You can call me a cynic or selfish but it is clear from the marriage that we had that the greater evil would have been to expose a child to parents who would be detrimental to its well-being. While I’ve not been wildly successful, I’ve managed to do things I’m proud of since I left Gina without the responsibility of a child and Gina, the last time I checked, has done OK for herself. We didn’t expose those cells to a nasty custody battle or the violence that took place in our marriage.

Then, there’s the practical side of things. As my former English teacher (Mrs. Clark), said, “I’m against it in principle but banning it is going to kill off women who will seek the help of quacks in dubious back alleys.” History has shown that just as anti-abortion laws have been around, women have gone to quacks to deal with unwanted pregnancies. 

I often like to refer to Lee Kuan Yew’s thoughts on prostitution when it comes to abortion. Better to have it legal and controlled rather than to have it driven underground and managed by the nasty element.

Lee Kuan Yew would have been good for addressing the abortion issue in America. Unfortunately, Lee Kuan Yew’s successors seem to have lost his common sense touch on a few things. The two most common instances where I believe that the Singapore Government has lost the plot are in the cases of smoking and homosexual sex.

I look at the debate on smoking and “alternative” tobacco products and cringe. The government is actually sounding increasingly impotently-sanctimonious on the topic. Despite and increasing number of bodies like the Royal College of Surgeons in the UK coming out to state that “alternative products” have a use in combating the smoking habit, the government remains adamant that it needs to ban such products in a “preemptive move” to stop people from taking up the habit. In the meantime, normal cigarettes, which everyone agrees are worse than the alternative, remain readily available.
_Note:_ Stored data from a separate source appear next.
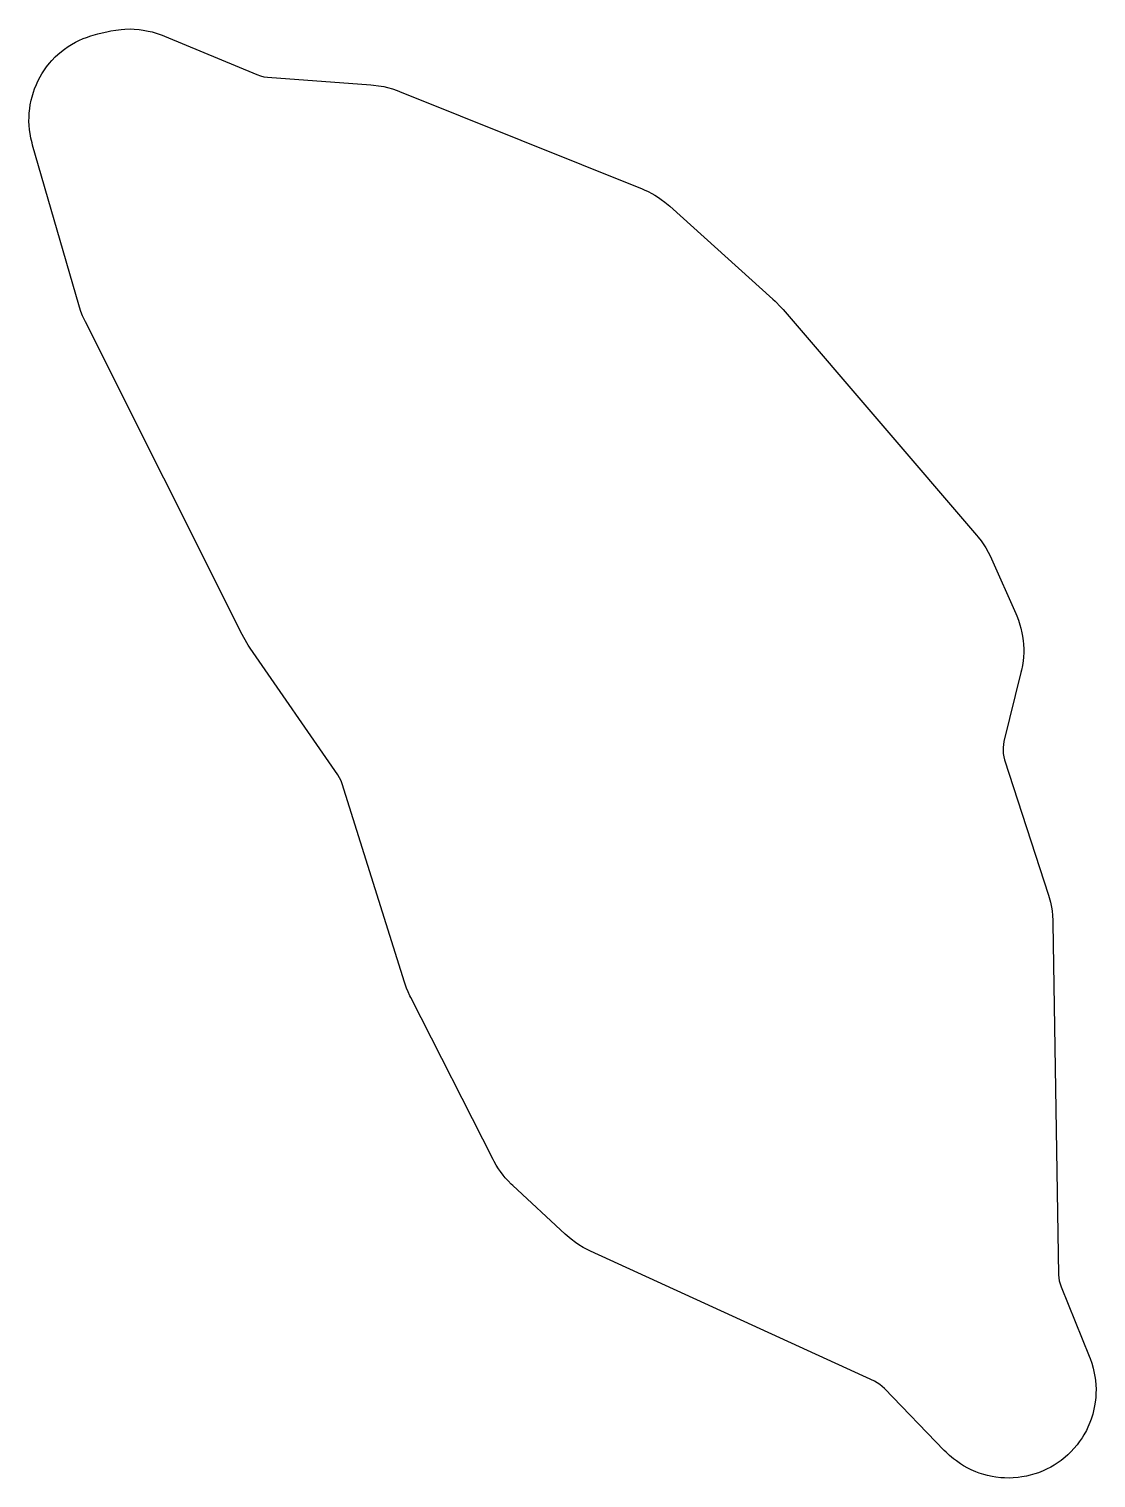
# Model space of a CAD drawing. Header units: millimetres. Extents: x 14 to 181, y 40 to 292.
# Drawn here: x 148.78 to 158.36, y 39.82 to 52.83 of the extents above; entities that cross this region are included whole.
import ezdxf

# ---------------------------------------------------------------- set-up
doc = ezdxf.new("R2010")
doc.units = ezdxf.units.MM
doc.layers.add('CUT', color=7, linetype='CONTINUOUS')

msp = doc.modelspace()

# ---------------------------------------------------------------- linework, layer by layer
at = {"layer": 'CUT'}
msp.add_lwpolyline([(149.646, 52.8288), (149.6927, 52.8298), (149.7278, 52.8288), (149.7744, 52.8249), (149.8091, 52.8202), (149.8551, 52.8115), (149.8892, 52.8032), (149.934, 52.7898), (149.978, 52.7741), (149.9999, 52.7657), (150.83, 52.42), (150.8602, 52.4093), (150.8913, 52.4018), (150.9231, 52.3977), (151.8525, 52.3286), (151.8755, 52.3263), (151.9213, 52.3205), (151.9668, 52.3124), (152.0005, 52.3046), (152.0449, 52.2918), (152.0886, 52.2768), (152.1102, 52.2688), (154.2849, 51.3941), (154.303, 51.3864), (154.3389, 51.3701), (154.374, 51.3522), (154.3998, 51.3377), (154.4332, 51.3169), (154.4576, 51.3002), (154.489, 51.2765), (154.5194, 51.2514), (154.5344, 51.2386), (155.4594, 50.4059), (155.4804, 50.3858), (155.5312, 50.3337), (155.5509, 50.3122), (157.2866, 48.2867), (157.3005, 48.2697), (157.3273, 48.2351), (157.3524, 48.1993), (157.3699, 48.1716), (157.3914, 48.1334), (157.411, 48.0943), (157.4204, 48.0745), (157.6382, 47.5823), (157.6463, 47.5628), (157.6615, 47.5234), (157.6749, 47.4833), (157.6835, 47.4528), (157.6931, 47.4116), (157.6988, 47.3804), (157.7045, 47.3385), (157.7073, 47.307), (157.709, 47.2647), (157.7088, 47.2331), (157.7065, 47.1908), (157.7033, 47.1593), (157.6971, 47.1175), (157.689, 47.076), (157.6844, 47.0554), (157.5317, 46.4357), (157.5263, 46.4085), (157.5235, 46.381), (157.5232, 46.3533), (157.5255, 46.3257), (157.5302, 46.2984), (157.5375, 46.2717), (157.93, 45.057), (157.9363, 45.0356), (157.9478, 44.9927), (157.9572, 44.9493), (157.9627, 44.9164), (157.9678, 44.8723), (157.9707, 44.8279), (157.9716, 44.8057), (158.0219, 41.6496), (158.0236, 41.6221), (158.0278, 41.5947), (158.0346, 41.5679), (158.0437, 41.5418), (158.2968, 40.9169), (158.3046, 40.8962), (158.3191, 40.8544), (158.3316, 40.8119), (158.3394, 40.7796), (158.3477, 40.736), (158.3523, 40.7032), (158.3562, 40.659), (158.3575, 40.6259), (158.3571, 40.5815), (158.3552, 40.5484), (158.3504, 40.5044), (158.3452, 40.4716), (158.3361, 40.4282), (158.3277, 40.3961), (158.3144, 40.3538), (158.3029, 40.3227), (158.2855, 40.2819), (158.271, 40.2521), (158.2496, 40.2132), (158.2323, 40.185), (158.2072, 40.1484), (158.1871, 40.122), (158.1586, 40.0881), (158.136, 40.0637), (158.1043, 40.0328), (158.0794, 40.0108), (158.0448, 39.9831), (158.0179, 39.9637), (157.9807, 39.9396), (157.952, 39.9229), (157.9127, 39.9025), (157.8825, 39.8887), (157.8413, 39.8723), (157.8099, 39.8616), (157.7673, 39.8493), (157.735, 39.8417), (157.6914, 39.8337), (157.6585, 39.8293), (157.6144, 39.8256), (157.5812, 39.8245), (157.5369, 39.8251), (157.5038, 39.8273), (157.4597, 39.8323), (157.427, 39.8377), (157.3837, 39.847), (157.3516, 39.8556), (157.3094, 39.8692), (157.2783, 39.8809), (157.2377, 39.8985), (157.2079, 39.9132), (157.1692, 39.9347), (157.141, 39.9523), (157.1046, 39.9775), (157.0783, 39.9978), (157.0445, 40.0265), (157.0123, 40.0568), (156.9965, 40.0724), (156.4606, 40.6279), (156.4403, 40.6471), (156.4182, 40.6644), (156.3947, 40.6795), (156.3698, 40.6923), (153.821, 41.8617), (153.7995, 41.8722), (153.7572, 41.8944), (153.7162, 41.9188), (153.6865, 41.9387), (153.6482, 41.9673), (153.6116, 41.9979), (153.5937, 42.0137), (153.1257, 42.4486), (153.1115, 42.4623), (153.0837, 42.4905), (153.0572, 42.5198), (153.0384, 42.5427), (153.0145, 42.5743), (152.9978, 42.5987), (152.9768, 42.6322), (152.9574, 42.6666), (152.948, 42.6841), (152.2098, 44.1359), (152.2017, 44.1528), (152.1861, 44.1868), (152.172, 44.2215), (152.1593, 44.2567), (152.1533, 44.2745), (151.595, 46.0549), (151.5846, 46.0832), (151.5713, 46.1102), (151.5555, 46.1358), (150.7689, 47.2728), (150.7518, 47.2995), (150.7114, 47.3676), (150.6963, 47.3954), (149.2913, 50.2004), (149.2825, 50.219), (149.2657, 50.2567), (149.2507, 50.2951), (149.2374, 50.3342), (149.2313, 50.3539), (148.8176, 51.7877), (148.8121, 51.8085), (148.8022, 51.8502), (148.7943, 51.8924), (148.7899, 51.9242), (148.786, 51.967), (148.7847, 51.9991), (148.7849, 52.042), (148.7866, 52.0741), (148.7909, 52.1168), (148.7957, 52.1486), (148.804, 52.1907), (148.8118, 52.2219), (148.8241, 52.263), (148.8348, 52.2933), (148.851, 52.333), (148.8646, 52.3622), (148.8845, 52.4002), (148.9007, 52.4279), (148.9242, 52.4639), (148.943, 52.4899), (148.9698, 52.5235), (148.991, 52.5476), (149.0208, 52.5785), (149.0442, 52.6005), (149.0769, 52.6284), (149.1023, 52.6481), (149.1374, 52.6727), (149.1646, 52.6899), (149.2019, 52.711), (149.2306, 52.7255), (149.2698, 52.7431), (149.2997, 52.7548), (149.3404, 52.7685), (149.3817, 52.7802), (149.4024, 52.7856), (149.4956, 52.8074), (149.5185, 52.8121), (149.5646, 52.8204), (149.611, 52.8262)], close=True, dxfattribs=at)

doc.saveas('drawing.dxf')

 I guess you could say the desire is to look tough, but I do believe there comes a point when you actually end up looking silly by sticking to a position despite growing evidence that your position is factually weak – America’s Food and Drug Administration (FDA) has recently allowed the sale of IQOS, a heated and not burn tobacco system by Philip Morris, which has shown that there’s a way to make what everyone agrees is a lesser evil work.

If the government’s stance on alternative tobacco products looks silly, the stance on consensual sex is downright stupid. The emotion of the debate has been such that the government has stuck to its position of “Keeping the law but not enforcing it.” This is clearly not something you’d expect from a government that makes “upholding the rule of law” as part of its DNA and as one lawyer said – “what’s the point of having a law if you don’t intend to enforce it.” As I’ve often said, those who support this particular section of the penal code have yet to come up with a sound, rational argument as to why we need to keep this law.

Lee Kuan Yew wasn’t perfect but I don’t think he’s been right on every issue.  However, he understood his role as a leader and made decisions that did benefit the greater good or the lesser evil. When I look at some of these debates in the world, I miss him and the pragmatic wisdom that he displayed.